How can you contact Us if you have any questions?

If you have any questions about this Privacy Statement, you can contact us at [email protected]

How will We update this Privacy Statement?

We may amend this Privacy Statement from time to time. If We materially change our Privacy Statement, We will update the “Effective Date” at the top of the Privacy Statement and We may provide notice prior to the update taking effect by posting a notice on our website or, where required by law, by providing you with notice of such updates.

Notification of a personal data breach to the data subject

When the personal data breach is likely to result in a high risk to the rights and freedoms of natural persons, STS will communicate the personal data breach to the data subject without undue delay after taken notice of such personal data breach.

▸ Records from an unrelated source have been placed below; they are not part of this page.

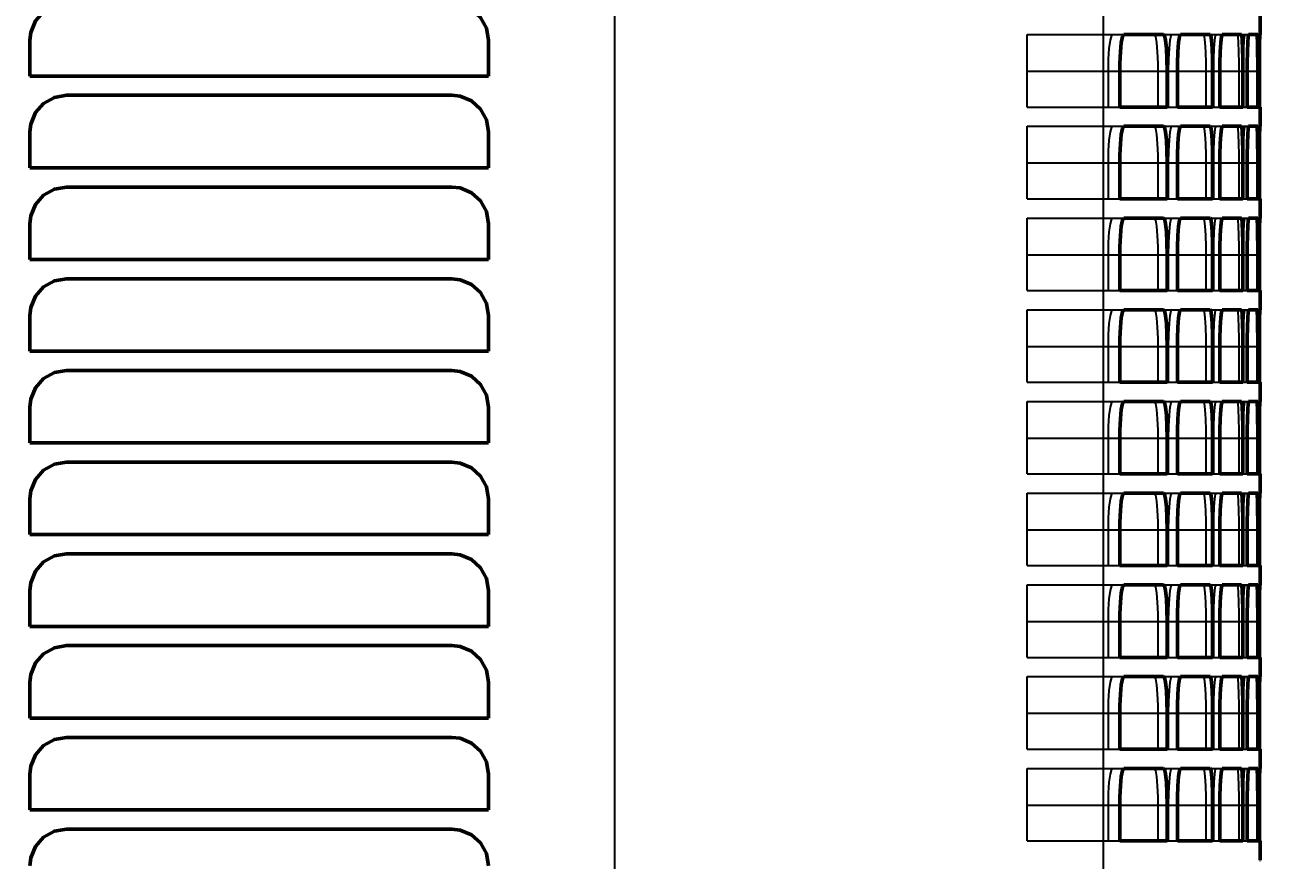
# Model space of a CAD drawing. Header units: inches. Extents: x -0.3 to 42.3, y 0 to 36.6.
# Drawn here: x 28.54 to 35.33, y 4.58 to 9.13 of the extents above; entities that cross this region are included whole.
import ezdxf

# ---------------------------------------------------------------- set-up
doc = ezdxf.new("R2010")
doc.units = ezdxf.units.IN
doc.header["$MEASUREMENT"] = 0
doc.linetypes.add('Dashed', pattern=[2, 1, -1])
for name, color, linetype, lineweight in [('AM_0', 7, 'Continuous', 50), ('AM_4', 3, 'Continuous', 25), ('AM_5', 3, 'Continuous', 25), ('AM_9', 6, 'Dashed', 25)]:
    doc.layers.add(name, color=color, linetype=linetype, lineweight=lineweight)
doc.dimstyles.get("Standard").update_dxf_attribs({"dimtxt": 0.18, "dimasz": 0.18, "dimexe": 0.18, "dimexo": 0.0625, "dimgap": 0.09, "dimtad": 0, "dimtih": 1, "dimtoh": 1, "dimdec": 4, "dimzin": 0, "dimdsep": 46, "dimtxsty": 'Standard', "dimcen": 0.09, "dimadec": 0, "dimazin": 0, "dimtfac": 1, "dimtdec": 4, "dimtofl": 0, "dimtmove": 0, "dimatfit": 3, "dimfxl": 1, "dimtolj": 1, "dimtzin": 0, "dimarcsym": 0})

# ---------------------------------------------------------------- blocks, each defined once
blk = doc.blocks.new('*D1')
at = {"layer": 'AM_5', "color": 0, "lineweight": -2}
for p, q in [((14.375, 36.5), (39.27, 36.5)), ((39.27, 34.5), (39.27, 24.2032)), ((39.27, 2), (39.27, 12.2968)), ((3.39, 0), (39.27, 0))]:
    blk.add_line(p, q, dxfattribs=at)
at = {"layer": 'AM_5', "color": 0}
for points in [[(39.6033, 34.5), (38.9367, 34.5), (39.27, 36.5)], [(38.9367, 2), (39.6033, 2), (39.27, 0)]]:
    blk.add_solid(points, dxfattribs=at)
at = {"layer": 'Defpoints', "color": 0}
for p in [(14.375, 36.5), (3.39, 0), (39.27, 0)]:
    blk.add_point(p, dxfattribs=at)
at = {"layer": 'AM_5', "color": 0, "insert": (39.27, 18.25), "char_height": 2, "attachment_point": 5, "rotation": 90}
blk.add_mtext('\\A1;36.5 in', dxfattribs=at)

msp = doc.modelspace()

# ---------------------------------------------------------------- linework, layer by layer
at = {"layer": 'AM_0'}
for p, q in [((35.27, 9.186), (35.27, 9.081)), ((28.564, 9.05), (28.564, 8.855)), ((31.064, 8.855), (31.064, 9.05)), ((34.74364, 9.081), (34.52673, 9.081)), ((34.99698, 9.081), (34.83586, 9.081)), ((35.16774, 9.081), (35.06207, 9.081)), ((35.25626, 9.081), (35.20582, 9.081)), ((35.27, 9.081), (35.26742, 9.081)), ((28.564, 8.855), (31.064, 8.855)), ((34.50411, 8.881), (34.50411, 8.686)), ((34.76233, 8.686), (34.76233, 8.881)), ((34.81857, 8.881), (34.81857, 8.686)), ((35.01038, 8.686), (35.01038, 8.881)), ((35.05007, 8.881), (35.05007, 8.686)), ((35.17586, 8.686), (35.17586, 8.881)), ((35.19909, 8.881), (35.19909, 8.686)), ((35.25913, 8.686), (35.25913, 8.881)), ((35.26593, 8.881), (35.26593, 8.686)), ((30.864, 8.75), (28.764, 8.75)), ((34.50411, 8.686), (34.76233, 8.686)), ((34.81857, 8.686), (35.01038, 8.686)), ((35.05007, 8.686), (35.17586, 8.686)), ((35.19909, 8.686), (35.25913, 8.686)), ((35.26593, 8.686), (35.27, 8.686)), ((35.27, 8.686), (35.27, 8.581)), ((34.74364, 8.581), (34.52673, 8.581)), ((34.99698, 8.581), (34.83586, 8.581)), ((35.16774, 8.581), (35.06207, 8.581)), ((35.25626, 8.581), (35.20582, 8.581)), ((35.27, 8.581), (35.26742, 8.581)), ((28.564, 8.55), (28.564, 8.355)), ((31.064, 8.355), (31.064, 8.55)), ((34.50411, 8.381), (34.50411, 8.186)), ((34.76233, 8.186), (34.76233, 8.381)), ((34.81857, 8.381), (34.81857, 8.186)), ((35.01038, 8.186), (35.01038, 8.381)), ((35.05007, 8.381), (35.05007, 8.186)), ((35.17586, 8.186), (35.17586, 8.381)), ((35.19909, 8.381), (35.19909, 8.186)), ((35.25913, 8.186), (35.25913, 8.381)), ((35.26593, 8.381), (35.26593, 8.186)), ((28.564, 8.355), (31.064, 8.355)), ((30.864, 8.25), (28.764, 8.25)), ((34.50411, 8.186), (34.76233, 8.186)), ((34.81857, 8.186), (35.01038, 8.186)), ((35.05007, 8.186), (35.17586, 8.186)), ((35.19909, 8.186), (35.25913, 8.186)), ((35.26593, 8.186), (35.27, 8.186)), ((35.27, 8.186), (35.27, 8.081)), ((28.564, 8.05), (28.564, 7.855)), ((31.064, 7.855), (31.064, 8.05)), ((34.74364, 8.081), (34.52673, 8.081)), ((34.99698, 8.081), (34.83586, 8.081)), ((35.16774, 8.081), (35.06207, 8.081)), ((35.25626, 8.081), (35.20582, 8.081)), ((35.27, 8.081), (35.26742, 8.081)), ((28.564, 7.855), (31.064, 7.855)), ((34.50411, 7.881), (34.50411, 7.686)), ((34.76233, 7.686), (34.76233, 7.881)), ((34.81857, 7.881), (34.81857, 7.686)), ((35.01038, 7.686), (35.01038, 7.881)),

Notification of a personal data breach to the supervisory authority

In the case of a personal data breach, STS will without undue delay but, where feasible, not later than 72 hours after having become aware of it, notify the personal data breach to the supervisory authority competent, unless the personal data breach is unlikely to result in a risk to the rights and freedoms of natural persons. Where the notification to the supervisory authority is not made within 72 hours, it shall be accompanied by reasons for the delay.

Complaints

We want to address any concerns you may have in relation to the management of your personal data, therefore, please contact us in the first instance. You have a right to lodge a complaint with a data protection supervisory authority in particular in the jurisdiction of your habitual residence, place of work or place of the alleged infringement.

Complaints relating to STS’s use of personal data may be sent by email - with the details of your complaint to [email protected]. We will look into and respond to any complaints we receive within 30 days.

You also have the right to file a complaint with the National Authority for Data Protection and Freedom of Information or seek remedy at court if you are of the view that your rights relating to personal data have been violated. For further information on your rights and how to complain to the Authority, please refer to http://naih.hu/panaszuegyintezes-rendje.html .

Name: Nemzeti Adatvédelmi és Információszabadság Hatóság

Address: 1055 Budapest, Falk Miksa utca 9-11. / 1363 Budapest, Pf. 9.

Phone: (+36-1) 391-1400

Fax: (+36-1) 391-1410

E-mail: [email protected]

In the event of a breach of your rights relating to personal data, or if you disagree with STS's decision, within 30 days of the receipt of the decision, you may initiate a claim against the Data Controller directly at the ordinary courts having competence to such cases on the basis of STS’s seat (registered address) or other applicable laws. The court will have to act in an expedited procedure in such cases.